The writing strains towards being very good, but is sabotaged by fear. Blackwood’s friends are agreed that she saw only the bleakest, most negative aspects of the world and the people in it, and it is surely from that place in her that she writes. According to Barbara Skelton, ‘on hearing of someone’s ghastly misfortune,’ Blackwood ‘would double up laughing’. She maintains the coldest eye she can manage, shying away from sentimentality as if it were death itself. Death, indeed, seems to be preferable. The cruelty of the stepmother in her first novel is virtually unrelieved, apart from a moment of faint decency that is immediately rendered irrelevant by the disappearance and probable death of the stepdaughter. The characters in the very similar stories published as Good Night Sweet Ladies share cosmic self-centredness and while they might discomfort others, they see very little beyond their own troubles. The reader is not offered anyone or anything to like, the bleakness of the vision is everything, even in the spuriously upbeat ending of Corrigan, where the con artist turns out to have made a sad old woman very happy in her last months by permitting her to live an illusion. The novels are strange and intriguing, but they are also slight, because for all their capacity to look into the void, they shed no light on it. They describe pathologies of varying degrees, give no quarter, lack any generosity; finally you say: ‘so what?’ They are indeed dark fairytales, and they have the rigidity of fairytales.
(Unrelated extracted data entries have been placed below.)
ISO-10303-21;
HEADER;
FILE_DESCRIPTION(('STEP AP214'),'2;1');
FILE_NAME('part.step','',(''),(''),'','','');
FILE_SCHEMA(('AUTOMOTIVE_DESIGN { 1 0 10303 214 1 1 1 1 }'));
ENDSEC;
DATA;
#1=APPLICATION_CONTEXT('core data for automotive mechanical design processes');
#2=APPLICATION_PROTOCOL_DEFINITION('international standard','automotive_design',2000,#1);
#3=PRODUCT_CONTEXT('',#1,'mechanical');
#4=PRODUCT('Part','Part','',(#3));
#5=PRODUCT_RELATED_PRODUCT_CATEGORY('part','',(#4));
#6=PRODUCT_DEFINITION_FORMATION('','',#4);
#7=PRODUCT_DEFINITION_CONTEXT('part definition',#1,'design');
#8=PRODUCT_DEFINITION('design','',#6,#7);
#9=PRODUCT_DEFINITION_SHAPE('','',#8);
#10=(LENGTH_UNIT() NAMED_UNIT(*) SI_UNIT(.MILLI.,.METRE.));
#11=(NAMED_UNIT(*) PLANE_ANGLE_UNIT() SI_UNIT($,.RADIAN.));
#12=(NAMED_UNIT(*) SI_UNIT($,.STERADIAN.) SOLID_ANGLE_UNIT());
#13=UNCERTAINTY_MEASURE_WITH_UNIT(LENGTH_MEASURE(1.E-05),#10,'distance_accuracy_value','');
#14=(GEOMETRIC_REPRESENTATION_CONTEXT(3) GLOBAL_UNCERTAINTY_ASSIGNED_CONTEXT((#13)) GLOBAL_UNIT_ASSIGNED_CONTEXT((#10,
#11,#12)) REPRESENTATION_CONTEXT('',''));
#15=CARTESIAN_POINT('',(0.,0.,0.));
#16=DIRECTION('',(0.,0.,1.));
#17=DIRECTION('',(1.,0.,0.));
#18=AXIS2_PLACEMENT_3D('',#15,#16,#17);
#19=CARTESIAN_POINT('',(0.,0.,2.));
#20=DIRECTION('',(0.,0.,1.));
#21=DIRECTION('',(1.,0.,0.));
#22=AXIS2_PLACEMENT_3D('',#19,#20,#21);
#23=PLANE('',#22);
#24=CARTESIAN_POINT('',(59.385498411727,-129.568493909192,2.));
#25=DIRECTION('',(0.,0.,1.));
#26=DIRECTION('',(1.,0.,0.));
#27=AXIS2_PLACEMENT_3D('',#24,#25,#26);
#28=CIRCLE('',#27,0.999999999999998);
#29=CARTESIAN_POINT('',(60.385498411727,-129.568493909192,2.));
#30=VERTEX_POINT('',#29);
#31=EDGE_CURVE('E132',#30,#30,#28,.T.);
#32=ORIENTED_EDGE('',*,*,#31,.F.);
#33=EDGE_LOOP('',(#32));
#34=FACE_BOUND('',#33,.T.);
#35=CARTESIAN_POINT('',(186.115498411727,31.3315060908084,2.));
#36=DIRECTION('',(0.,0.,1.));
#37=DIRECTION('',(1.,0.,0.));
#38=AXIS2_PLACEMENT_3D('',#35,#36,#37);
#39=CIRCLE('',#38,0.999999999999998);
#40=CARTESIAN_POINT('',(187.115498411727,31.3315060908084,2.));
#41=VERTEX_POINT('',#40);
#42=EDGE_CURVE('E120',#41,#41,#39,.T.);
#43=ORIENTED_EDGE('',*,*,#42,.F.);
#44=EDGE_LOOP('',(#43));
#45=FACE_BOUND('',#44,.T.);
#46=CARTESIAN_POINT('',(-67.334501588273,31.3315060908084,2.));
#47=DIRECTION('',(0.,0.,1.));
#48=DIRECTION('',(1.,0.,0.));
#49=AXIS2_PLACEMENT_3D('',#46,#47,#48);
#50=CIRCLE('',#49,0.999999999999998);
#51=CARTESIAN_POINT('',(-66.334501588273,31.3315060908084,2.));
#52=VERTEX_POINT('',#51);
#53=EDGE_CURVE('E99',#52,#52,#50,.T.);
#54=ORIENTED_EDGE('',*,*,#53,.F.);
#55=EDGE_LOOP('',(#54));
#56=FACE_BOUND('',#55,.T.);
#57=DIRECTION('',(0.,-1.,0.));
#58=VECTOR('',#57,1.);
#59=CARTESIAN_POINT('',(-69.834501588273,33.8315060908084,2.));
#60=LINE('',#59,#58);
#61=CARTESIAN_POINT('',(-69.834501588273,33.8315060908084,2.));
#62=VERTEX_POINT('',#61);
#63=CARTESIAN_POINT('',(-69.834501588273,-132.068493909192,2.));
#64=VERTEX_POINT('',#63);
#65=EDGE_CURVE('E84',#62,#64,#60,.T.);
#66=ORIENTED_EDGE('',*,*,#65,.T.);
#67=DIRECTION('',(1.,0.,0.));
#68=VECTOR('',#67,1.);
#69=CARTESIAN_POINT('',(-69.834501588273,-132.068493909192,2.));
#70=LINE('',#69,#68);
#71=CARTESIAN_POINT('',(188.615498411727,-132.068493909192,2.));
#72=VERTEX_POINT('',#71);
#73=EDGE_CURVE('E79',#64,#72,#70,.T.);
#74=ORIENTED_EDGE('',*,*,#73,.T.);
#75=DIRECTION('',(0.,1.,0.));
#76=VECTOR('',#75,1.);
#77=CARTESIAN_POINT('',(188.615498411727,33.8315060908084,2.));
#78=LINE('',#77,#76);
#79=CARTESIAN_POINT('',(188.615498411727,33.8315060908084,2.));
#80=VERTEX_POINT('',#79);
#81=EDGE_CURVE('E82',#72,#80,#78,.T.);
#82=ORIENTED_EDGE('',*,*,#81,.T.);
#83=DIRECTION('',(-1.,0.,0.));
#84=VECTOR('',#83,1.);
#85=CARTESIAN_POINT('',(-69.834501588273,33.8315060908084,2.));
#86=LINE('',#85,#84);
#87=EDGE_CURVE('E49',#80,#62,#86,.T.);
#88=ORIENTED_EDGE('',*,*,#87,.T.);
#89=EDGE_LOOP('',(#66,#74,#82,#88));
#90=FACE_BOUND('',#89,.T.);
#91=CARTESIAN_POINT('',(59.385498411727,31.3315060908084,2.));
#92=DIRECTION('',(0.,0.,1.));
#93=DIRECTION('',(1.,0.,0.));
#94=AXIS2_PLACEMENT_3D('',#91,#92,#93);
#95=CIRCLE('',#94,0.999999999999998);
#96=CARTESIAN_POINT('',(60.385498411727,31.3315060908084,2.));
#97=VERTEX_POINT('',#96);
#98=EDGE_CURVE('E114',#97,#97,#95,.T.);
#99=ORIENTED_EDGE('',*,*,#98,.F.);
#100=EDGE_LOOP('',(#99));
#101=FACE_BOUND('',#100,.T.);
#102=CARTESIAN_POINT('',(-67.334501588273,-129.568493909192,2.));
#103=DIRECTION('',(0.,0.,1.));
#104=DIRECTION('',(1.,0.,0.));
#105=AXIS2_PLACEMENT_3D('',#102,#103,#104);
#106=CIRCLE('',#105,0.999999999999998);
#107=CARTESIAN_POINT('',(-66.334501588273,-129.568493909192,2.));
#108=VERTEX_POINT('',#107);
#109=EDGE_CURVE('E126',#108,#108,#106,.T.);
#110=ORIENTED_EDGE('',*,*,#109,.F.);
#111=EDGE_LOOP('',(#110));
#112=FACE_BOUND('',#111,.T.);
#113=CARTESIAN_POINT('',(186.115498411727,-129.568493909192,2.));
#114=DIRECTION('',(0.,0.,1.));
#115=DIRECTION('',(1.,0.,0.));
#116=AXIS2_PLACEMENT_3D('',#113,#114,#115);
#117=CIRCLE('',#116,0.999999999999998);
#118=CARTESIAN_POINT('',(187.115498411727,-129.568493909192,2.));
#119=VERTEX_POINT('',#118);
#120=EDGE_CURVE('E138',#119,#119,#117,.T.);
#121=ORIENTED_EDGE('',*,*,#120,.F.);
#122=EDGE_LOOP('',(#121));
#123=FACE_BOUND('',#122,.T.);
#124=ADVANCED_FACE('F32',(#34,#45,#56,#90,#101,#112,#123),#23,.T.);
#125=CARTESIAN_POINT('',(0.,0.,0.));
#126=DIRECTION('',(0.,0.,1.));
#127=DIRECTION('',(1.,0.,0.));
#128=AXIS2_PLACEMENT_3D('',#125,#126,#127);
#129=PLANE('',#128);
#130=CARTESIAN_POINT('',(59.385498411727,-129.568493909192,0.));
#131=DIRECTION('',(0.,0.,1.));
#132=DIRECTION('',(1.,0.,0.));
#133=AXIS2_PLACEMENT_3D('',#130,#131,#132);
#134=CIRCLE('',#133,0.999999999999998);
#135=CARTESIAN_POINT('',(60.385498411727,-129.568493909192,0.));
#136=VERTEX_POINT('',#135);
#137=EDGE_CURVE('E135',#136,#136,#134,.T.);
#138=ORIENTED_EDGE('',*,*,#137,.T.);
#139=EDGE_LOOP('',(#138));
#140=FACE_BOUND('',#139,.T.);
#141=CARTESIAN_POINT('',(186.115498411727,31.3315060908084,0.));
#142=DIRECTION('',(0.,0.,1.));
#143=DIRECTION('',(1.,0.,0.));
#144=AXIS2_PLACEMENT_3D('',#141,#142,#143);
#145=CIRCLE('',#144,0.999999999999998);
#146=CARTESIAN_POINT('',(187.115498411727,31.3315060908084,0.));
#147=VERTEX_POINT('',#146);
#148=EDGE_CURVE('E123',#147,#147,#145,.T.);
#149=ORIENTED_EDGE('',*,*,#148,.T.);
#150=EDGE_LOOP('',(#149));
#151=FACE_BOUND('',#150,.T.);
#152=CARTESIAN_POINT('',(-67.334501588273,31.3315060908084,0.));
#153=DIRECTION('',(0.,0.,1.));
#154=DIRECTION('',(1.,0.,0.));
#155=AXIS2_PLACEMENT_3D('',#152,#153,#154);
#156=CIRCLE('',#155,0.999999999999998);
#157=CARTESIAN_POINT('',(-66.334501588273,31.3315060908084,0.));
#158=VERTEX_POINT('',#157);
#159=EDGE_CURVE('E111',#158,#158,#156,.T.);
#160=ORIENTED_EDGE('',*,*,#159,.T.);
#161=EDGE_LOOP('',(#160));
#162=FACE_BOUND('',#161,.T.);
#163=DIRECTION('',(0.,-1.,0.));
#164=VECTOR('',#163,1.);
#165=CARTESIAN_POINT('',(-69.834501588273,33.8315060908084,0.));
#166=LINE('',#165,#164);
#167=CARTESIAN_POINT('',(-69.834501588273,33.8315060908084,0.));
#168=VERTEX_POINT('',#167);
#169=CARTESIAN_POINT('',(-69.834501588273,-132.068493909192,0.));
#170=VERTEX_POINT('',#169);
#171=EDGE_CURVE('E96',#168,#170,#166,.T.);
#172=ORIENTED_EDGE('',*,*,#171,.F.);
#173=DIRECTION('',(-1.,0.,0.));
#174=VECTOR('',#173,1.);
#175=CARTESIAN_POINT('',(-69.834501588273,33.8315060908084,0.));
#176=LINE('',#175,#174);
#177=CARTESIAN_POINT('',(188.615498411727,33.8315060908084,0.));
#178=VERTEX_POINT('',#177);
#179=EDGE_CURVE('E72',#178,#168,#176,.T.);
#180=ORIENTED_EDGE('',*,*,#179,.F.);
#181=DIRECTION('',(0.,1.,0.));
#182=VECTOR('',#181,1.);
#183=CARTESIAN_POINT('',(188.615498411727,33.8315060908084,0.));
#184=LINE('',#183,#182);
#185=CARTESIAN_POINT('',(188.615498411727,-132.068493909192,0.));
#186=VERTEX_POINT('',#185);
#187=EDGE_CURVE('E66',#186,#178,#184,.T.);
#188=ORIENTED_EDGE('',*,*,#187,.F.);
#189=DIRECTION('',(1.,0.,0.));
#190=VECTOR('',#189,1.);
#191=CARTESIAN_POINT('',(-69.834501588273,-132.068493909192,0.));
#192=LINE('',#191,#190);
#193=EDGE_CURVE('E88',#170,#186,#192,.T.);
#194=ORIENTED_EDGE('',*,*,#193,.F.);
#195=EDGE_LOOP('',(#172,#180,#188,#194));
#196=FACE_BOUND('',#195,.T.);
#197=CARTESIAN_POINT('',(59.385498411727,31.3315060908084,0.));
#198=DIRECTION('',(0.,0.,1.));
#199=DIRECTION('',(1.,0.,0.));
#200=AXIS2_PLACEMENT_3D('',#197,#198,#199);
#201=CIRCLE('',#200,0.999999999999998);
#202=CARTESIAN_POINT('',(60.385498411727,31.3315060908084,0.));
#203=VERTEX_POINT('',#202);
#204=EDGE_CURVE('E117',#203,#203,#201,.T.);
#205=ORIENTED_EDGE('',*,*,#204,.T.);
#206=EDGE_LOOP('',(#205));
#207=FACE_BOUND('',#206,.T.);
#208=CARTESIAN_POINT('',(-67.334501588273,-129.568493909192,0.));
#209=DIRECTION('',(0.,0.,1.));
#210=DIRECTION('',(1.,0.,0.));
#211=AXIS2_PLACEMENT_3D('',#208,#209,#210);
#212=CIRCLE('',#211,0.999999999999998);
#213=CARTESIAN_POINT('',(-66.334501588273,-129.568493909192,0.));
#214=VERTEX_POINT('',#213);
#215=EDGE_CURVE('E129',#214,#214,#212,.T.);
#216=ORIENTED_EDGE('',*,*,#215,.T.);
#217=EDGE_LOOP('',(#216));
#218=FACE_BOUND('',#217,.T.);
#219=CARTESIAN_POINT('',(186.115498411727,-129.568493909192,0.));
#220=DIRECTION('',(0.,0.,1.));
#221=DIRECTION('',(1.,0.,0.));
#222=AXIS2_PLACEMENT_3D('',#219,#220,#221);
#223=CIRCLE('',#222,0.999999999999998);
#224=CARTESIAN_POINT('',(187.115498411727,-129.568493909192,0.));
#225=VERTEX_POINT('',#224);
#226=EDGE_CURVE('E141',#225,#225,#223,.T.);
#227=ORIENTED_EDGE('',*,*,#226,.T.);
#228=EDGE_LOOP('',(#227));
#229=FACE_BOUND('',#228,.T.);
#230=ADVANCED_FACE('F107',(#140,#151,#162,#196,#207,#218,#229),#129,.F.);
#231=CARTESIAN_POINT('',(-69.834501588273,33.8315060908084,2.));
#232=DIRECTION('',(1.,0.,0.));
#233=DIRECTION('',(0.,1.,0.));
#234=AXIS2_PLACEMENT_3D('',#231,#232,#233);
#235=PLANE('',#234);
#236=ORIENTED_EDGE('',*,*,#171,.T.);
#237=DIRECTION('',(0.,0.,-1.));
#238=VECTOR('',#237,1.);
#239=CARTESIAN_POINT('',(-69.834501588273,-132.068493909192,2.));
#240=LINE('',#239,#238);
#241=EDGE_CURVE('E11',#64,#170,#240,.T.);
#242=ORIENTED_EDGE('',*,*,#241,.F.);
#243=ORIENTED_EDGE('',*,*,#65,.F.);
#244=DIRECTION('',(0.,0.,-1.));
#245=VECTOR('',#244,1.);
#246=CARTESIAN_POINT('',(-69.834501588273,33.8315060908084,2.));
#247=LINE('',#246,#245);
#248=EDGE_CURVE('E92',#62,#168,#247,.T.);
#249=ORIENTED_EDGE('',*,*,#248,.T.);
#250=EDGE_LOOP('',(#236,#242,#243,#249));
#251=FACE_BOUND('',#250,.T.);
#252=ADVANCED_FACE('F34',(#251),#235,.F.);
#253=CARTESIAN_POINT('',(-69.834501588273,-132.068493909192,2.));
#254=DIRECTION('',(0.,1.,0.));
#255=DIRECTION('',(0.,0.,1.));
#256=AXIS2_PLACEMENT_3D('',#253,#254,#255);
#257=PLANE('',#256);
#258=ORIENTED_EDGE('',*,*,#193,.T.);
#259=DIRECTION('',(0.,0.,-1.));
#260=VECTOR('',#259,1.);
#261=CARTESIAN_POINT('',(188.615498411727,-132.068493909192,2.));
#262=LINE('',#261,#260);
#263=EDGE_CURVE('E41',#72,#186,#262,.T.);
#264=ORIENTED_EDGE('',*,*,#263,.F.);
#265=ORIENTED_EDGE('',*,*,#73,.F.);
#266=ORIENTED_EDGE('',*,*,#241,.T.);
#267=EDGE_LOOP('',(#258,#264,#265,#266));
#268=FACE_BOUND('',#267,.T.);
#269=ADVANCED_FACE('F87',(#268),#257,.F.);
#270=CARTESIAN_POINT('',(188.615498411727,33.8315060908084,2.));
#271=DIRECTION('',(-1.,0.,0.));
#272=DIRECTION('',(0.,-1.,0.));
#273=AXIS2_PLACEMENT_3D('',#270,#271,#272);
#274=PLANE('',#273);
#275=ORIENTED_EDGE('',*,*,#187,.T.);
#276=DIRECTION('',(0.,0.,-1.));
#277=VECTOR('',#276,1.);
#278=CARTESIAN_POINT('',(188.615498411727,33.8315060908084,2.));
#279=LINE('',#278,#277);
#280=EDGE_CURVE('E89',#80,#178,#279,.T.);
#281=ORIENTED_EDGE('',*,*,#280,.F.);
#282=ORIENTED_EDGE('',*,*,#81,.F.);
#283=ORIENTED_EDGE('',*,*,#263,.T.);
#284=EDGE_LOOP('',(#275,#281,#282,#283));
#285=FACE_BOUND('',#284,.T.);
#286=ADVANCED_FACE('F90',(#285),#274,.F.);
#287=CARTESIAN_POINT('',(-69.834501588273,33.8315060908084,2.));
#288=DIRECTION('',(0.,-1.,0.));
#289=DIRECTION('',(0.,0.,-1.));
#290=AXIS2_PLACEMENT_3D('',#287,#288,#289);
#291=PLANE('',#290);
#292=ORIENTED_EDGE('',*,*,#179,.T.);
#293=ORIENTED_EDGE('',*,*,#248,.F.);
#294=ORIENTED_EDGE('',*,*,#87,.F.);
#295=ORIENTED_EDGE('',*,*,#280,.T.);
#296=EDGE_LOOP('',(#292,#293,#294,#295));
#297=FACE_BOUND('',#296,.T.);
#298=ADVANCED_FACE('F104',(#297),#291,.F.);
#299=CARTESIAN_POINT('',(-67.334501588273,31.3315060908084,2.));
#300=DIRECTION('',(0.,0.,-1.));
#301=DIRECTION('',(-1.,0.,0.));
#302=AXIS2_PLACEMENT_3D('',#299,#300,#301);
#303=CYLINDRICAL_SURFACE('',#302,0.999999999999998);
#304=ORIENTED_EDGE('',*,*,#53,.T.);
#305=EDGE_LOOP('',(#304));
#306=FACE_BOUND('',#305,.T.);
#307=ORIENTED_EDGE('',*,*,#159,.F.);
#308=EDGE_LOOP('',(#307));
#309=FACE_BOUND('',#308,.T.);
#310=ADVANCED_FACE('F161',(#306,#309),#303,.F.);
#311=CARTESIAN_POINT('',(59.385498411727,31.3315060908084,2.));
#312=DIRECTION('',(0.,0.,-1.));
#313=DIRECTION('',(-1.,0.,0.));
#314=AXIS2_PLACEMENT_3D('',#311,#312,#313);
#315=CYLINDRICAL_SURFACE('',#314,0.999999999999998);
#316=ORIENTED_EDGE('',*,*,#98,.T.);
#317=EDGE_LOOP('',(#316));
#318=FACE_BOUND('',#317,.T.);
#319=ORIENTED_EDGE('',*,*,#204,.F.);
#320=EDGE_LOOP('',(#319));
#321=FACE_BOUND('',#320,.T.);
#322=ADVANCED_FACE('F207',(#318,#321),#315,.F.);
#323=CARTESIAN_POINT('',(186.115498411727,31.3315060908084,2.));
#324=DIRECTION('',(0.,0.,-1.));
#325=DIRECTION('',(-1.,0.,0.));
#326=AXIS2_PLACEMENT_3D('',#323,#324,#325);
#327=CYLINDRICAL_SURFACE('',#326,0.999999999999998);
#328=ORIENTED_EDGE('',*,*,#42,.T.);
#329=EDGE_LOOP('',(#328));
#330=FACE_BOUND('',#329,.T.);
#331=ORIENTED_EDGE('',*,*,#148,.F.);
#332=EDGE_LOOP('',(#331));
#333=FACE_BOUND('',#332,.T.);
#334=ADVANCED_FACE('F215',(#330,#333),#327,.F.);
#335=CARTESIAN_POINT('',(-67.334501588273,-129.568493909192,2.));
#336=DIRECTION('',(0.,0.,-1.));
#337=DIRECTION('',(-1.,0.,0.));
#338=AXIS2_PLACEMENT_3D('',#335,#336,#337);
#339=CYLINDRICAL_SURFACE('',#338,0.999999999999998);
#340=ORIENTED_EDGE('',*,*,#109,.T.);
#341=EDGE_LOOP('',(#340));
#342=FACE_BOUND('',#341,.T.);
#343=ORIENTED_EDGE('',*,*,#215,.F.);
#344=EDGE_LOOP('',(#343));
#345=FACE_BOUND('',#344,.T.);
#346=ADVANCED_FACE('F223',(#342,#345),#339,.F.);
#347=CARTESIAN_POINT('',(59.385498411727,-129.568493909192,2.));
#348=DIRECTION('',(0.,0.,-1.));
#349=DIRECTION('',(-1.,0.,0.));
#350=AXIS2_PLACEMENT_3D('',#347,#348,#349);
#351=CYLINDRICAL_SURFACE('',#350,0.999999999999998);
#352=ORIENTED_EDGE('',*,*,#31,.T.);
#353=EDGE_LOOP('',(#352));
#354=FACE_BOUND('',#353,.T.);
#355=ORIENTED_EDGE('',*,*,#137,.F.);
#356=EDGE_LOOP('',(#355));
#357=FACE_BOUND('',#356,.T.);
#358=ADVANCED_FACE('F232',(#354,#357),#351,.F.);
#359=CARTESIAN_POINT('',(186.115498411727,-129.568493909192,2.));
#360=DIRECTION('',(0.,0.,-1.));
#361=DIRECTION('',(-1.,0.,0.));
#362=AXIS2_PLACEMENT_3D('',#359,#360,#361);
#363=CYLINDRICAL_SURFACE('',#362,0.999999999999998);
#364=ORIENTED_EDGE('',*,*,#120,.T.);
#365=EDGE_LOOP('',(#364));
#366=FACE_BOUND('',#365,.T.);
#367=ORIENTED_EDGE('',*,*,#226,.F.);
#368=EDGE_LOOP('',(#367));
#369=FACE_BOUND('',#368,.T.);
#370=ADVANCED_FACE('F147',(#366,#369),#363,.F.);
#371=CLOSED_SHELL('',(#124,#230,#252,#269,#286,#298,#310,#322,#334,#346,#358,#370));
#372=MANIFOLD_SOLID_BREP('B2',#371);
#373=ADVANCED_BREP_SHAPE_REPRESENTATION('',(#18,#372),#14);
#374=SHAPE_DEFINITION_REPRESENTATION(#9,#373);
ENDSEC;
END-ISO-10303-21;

Sentimentality is a very bad thing in a writer, but simply to deny its existence is to avoid one of life’s central textures. The fear of appearing sentimental in the end condemns the work to smallness. Even the laughing old Marchesa stopped for a moment between cackles:
‘Love affairs . . . They don’t really matter in the end. They seem so important at the time. But in the end they don’t matter . . . I wonder what does matter in the end.’ She seemed bewildered. ‘Family, I suppose . . . I had all my grandchildren around here the other day.’ Her face lit up. ‘It was amazing to find oneself head of such a large, lovely clan.’
If Blackwood could have hit on something that mattered, her work might have loomed larger than her biography.